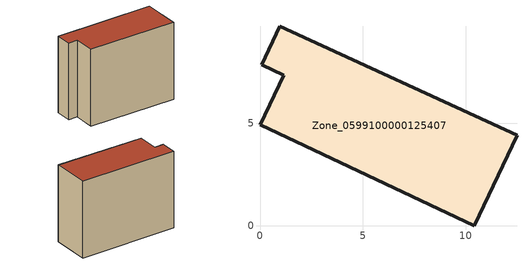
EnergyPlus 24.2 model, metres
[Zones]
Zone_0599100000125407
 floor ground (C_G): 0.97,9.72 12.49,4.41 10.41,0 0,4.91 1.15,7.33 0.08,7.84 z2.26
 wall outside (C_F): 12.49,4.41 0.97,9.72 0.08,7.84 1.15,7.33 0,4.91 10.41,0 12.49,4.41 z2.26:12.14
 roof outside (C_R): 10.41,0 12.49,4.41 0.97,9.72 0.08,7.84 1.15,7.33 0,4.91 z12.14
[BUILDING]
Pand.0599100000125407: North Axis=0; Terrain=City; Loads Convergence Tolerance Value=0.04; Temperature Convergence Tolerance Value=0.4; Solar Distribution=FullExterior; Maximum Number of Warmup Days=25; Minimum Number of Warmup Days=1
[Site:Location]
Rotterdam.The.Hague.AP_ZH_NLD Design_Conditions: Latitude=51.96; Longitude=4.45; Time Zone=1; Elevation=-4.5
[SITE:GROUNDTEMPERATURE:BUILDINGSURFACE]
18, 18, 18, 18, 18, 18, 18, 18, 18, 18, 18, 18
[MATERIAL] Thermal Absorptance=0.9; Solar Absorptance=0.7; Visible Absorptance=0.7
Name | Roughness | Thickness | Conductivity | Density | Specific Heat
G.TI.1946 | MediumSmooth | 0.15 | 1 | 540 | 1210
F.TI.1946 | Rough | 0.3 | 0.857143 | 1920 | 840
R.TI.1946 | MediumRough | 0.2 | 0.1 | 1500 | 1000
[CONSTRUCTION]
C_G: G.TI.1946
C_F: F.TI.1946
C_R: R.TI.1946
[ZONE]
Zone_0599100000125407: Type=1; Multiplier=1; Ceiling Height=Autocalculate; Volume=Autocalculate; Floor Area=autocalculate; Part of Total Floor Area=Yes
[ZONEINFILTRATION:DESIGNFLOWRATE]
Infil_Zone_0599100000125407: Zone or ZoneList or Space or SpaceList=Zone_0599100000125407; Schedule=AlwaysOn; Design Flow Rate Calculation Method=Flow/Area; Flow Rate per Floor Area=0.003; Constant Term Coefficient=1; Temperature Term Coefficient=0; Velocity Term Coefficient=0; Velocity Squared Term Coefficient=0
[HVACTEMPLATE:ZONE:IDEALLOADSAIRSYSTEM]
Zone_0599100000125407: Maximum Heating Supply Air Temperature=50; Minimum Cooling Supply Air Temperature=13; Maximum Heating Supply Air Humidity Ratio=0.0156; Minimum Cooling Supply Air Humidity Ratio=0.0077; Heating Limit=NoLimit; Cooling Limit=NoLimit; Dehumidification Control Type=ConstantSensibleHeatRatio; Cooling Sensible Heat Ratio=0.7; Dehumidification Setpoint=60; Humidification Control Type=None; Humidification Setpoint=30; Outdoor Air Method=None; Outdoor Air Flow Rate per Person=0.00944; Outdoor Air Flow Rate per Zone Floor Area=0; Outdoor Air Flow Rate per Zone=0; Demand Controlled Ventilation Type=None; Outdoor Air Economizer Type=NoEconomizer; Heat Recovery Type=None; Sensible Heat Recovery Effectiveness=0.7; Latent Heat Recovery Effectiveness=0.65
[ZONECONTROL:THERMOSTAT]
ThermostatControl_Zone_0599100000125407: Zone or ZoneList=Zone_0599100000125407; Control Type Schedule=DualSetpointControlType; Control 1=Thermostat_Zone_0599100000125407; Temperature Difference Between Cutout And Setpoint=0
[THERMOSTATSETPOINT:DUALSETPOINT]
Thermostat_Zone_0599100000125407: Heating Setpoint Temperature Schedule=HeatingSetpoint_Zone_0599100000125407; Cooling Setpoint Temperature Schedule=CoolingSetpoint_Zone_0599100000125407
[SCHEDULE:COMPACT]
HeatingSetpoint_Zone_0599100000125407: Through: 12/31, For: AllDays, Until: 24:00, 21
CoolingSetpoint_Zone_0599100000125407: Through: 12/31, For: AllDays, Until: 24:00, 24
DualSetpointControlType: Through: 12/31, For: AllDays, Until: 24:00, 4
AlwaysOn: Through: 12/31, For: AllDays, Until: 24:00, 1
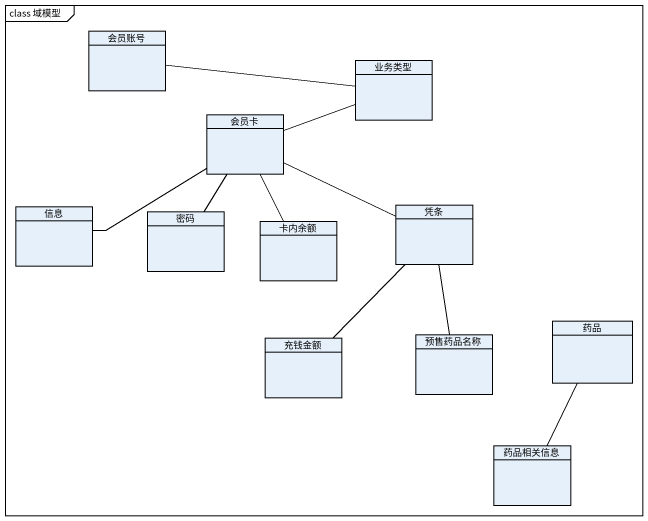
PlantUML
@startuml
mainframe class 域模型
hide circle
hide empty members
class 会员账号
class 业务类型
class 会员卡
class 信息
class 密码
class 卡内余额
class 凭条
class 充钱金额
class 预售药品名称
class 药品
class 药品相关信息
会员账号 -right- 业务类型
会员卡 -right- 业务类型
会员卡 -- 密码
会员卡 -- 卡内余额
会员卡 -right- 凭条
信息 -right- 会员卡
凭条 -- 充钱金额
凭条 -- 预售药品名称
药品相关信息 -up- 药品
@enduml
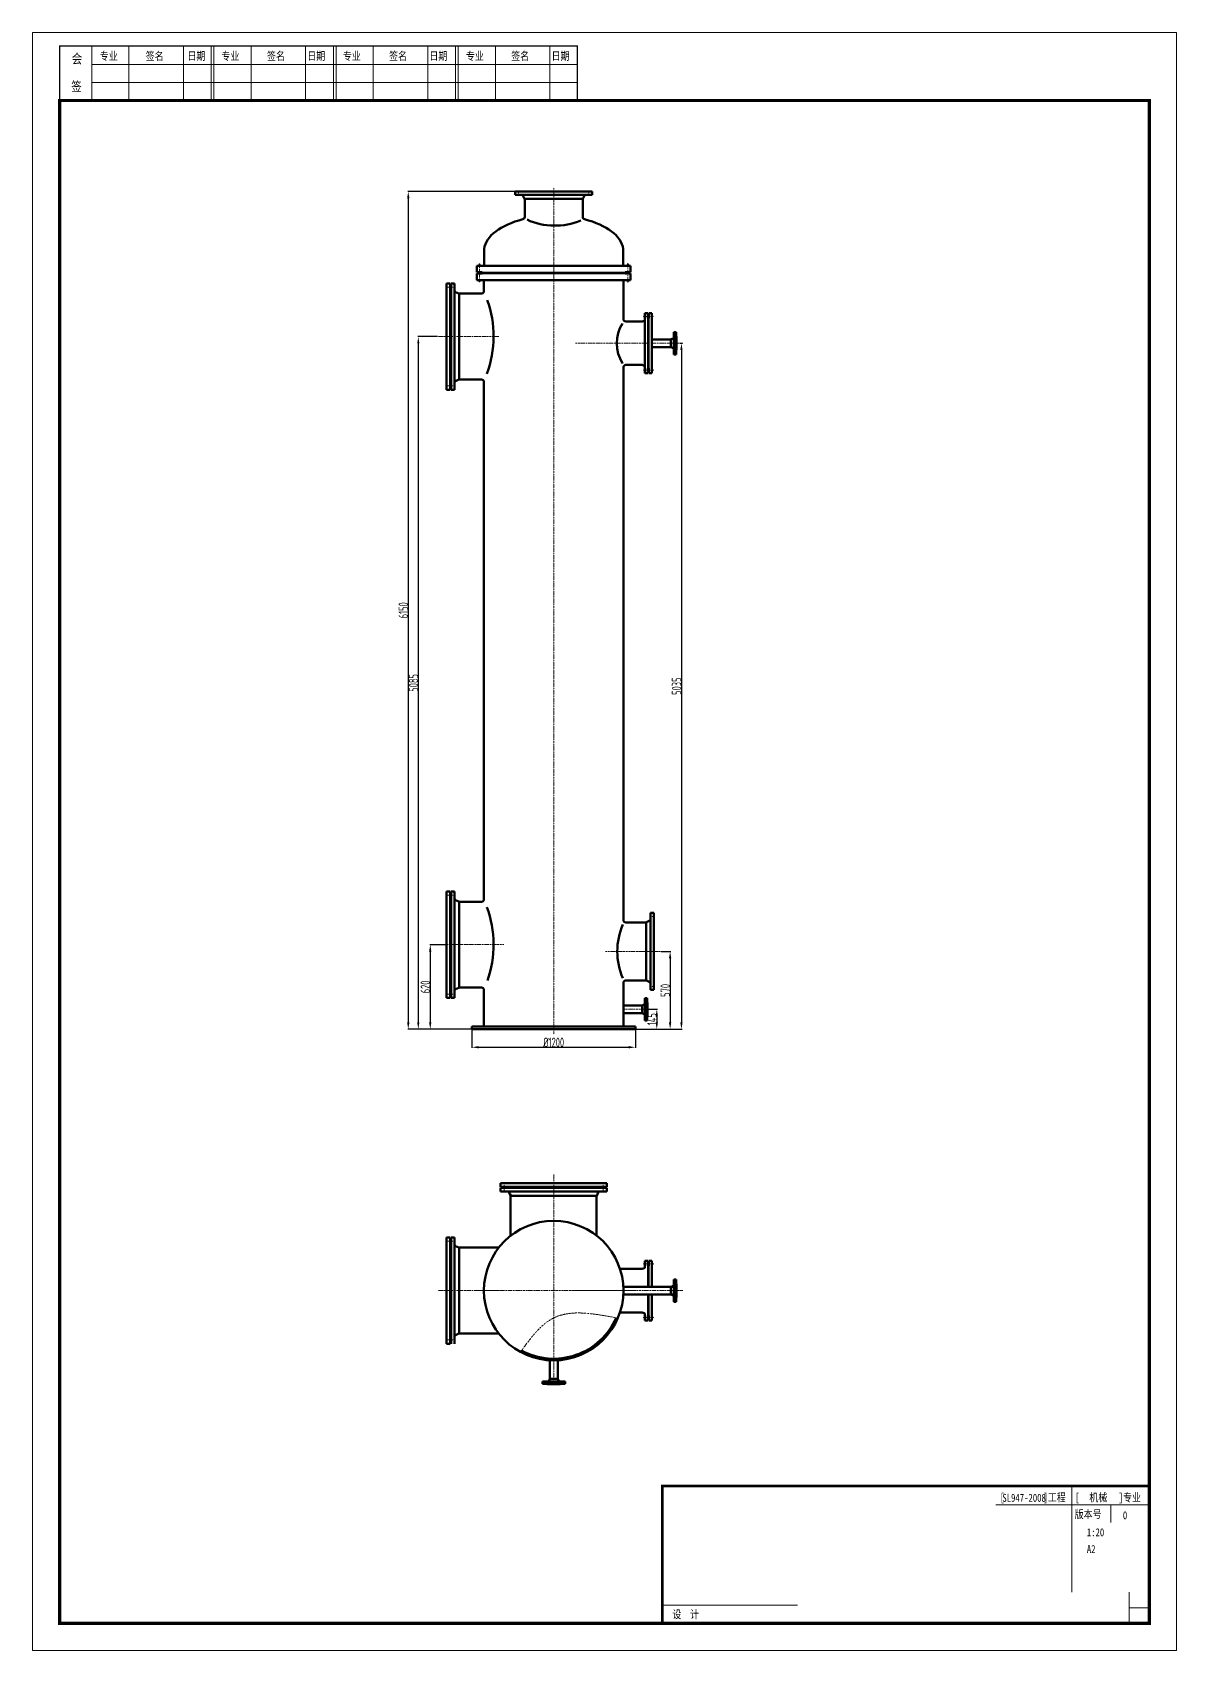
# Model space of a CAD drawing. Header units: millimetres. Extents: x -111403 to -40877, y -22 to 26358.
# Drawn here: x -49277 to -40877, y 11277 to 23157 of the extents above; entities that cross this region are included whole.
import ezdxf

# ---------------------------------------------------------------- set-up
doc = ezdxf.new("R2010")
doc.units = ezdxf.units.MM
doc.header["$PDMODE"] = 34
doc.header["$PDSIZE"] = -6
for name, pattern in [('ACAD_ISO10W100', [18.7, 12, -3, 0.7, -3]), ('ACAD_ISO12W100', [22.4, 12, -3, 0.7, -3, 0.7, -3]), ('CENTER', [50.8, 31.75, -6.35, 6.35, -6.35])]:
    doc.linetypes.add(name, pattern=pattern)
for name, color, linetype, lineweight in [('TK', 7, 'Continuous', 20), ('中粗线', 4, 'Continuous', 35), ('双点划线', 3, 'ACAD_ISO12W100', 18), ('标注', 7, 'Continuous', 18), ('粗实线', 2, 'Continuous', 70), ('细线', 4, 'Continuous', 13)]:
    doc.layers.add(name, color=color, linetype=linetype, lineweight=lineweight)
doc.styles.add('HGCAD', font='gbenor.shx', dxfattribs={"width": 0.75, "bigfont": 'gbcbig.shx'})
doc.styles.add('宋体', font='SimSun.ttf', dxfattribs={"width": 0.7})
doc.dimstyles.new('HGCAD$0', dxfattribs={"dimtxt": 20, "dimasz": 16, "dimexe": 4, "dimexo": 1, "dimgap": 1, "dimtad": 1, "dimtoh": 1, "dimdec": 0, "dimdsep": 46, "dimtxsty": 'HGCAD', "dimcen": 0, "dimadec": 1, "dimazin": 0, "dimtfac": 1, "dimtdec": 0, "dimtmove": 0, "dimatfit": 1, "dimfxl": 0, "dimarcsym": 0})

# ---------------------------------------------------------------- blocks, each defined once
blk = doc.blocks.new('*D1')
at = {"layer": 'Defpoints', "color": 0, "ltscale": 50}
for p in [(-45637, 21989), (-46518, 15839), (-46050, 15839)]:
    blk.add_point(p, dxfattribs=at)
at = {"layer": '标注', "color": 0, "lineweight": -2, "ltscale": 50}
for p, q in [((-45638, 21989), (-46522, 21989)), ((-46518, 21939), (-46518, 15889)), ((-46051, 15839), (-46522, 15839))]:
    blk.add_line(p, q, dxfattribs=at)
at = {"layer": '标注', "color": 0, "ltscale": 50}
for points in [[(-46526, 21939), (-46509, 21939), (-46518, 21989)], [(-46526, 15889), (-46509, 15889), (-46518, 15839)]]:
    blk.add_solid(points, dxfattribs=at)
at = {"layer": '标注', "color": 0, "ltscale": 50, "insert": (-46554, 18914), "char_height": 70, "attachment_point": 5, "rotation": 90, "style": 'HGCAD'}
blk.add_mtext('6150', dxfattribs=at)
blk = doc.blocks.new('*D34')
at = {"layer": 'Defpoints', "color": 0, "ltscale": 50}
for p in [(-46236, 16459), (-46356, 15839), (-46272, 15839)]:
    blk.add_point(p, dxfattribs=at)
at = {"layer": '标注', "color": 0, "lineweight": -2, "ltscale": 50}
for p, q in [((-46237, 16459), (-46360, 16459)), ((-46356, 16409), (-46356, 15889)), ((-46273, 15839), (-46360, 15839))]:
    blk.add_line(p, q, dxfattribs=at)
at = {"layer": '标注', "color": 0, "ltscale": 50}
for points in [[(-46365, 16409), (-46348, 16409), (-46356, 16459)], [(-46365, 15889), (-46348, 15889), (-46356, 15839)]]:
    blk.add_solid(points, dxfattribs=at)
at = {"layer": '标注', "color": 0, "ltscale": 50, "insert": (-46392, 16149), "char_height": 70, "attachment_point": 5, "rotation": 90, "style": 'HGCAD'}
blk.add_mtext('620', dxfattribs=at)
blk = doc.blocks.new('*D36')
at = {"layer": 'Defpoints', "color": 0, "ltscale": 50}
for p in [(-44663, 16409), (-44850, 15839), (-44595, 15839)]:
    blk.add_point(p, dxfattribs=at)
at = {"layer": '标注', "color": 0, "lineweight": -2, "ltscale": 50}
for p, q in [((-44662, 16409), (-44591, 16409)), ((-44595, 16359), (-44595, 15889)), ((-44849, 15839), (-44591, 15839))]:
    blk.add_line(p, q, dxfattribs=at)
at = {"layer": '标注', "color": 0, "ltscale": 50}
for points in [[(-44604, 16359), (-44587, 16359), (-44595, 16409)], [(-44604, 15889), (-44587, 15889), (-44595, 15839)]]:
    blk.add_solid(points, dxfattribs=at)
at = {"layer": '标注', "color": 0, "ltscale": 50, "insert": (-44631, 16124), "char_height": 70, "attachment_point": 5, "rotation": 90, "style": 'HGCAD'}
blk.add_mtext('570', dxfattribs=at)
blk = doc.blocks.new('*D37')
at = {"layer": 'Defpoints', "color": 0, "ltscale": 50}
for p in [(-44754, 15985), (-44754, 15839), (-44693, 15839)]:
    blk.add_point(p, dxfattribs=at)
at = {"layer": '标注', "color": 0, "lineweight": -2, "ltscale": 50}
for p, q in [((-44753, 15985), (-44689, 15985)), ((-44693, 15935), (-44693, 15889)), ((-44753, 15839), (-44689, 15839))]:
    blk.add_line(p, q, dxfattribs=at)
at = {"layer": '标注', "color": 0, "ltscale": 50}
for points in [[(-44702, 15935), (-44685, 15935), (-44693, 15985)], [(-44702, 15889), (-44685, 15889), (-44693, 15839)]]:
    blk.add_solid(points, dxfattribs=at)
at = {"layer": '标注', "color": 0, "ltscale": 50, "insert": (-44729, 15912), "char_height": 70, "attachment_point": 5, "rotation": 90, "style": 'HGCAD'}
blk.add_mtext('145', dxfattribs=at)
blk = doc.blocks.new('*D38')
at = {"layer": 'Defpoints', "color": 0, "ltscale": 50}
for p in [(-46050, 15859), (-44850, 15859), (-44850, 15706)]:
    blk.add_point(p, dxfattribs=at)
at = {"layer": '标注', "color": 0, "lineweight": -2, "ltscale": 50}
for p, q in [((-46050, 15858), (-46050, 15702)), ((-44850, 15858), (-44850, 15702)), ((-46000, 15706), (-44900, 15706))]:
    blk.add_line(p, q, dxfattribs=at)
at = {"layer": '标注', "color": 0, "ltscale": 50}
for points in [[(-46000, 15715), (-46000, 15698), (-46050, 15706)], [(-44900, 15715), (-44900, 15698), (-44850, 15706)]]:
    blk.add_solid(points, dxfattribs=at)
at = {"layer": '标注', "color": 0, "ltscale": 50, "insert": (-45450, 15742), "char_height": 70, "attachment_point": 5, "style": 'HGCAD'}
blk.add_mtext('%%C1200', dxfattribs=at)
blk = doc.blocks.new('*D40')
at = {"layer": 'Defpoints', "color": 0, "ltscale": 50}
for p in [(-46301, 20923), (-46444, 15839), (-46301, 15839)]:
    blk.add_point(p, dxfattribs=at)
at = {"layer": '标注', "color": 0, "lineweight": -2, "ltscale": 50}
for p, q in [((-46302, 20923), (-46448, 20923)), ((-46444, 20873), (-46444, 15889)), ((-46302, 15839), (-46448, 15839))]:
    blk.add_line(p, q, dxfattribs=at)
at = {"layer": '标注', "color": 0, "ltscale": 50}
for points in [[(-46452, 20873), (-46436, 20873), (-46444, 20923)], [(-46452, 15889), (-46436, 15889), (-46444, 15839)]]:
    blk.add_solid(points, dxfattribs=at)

-- -- --

**WORK REQUEST:** Where a picture appears, omit it; otherwise reproduce each line above from the first to the one with "wall outside (C_F): 12.49,4.41", inclusive.

**EXERCISE OUTPUT:**
EnergyPlus 24.2 model, metres
[Zones]
Zone_0599100000125407
 floor ground (C_G): 0.97,9.72 12.49,4.41 10.41,0 0,4.91 1.15,7.33 0.08,7.84 z2.26
 wall outside (C_F): 12.49,4.41 0.97,9.72 0.08,7.84 1.15,7.33 0,4.91 10.41,0 12.49,4.41 z2.26:12.14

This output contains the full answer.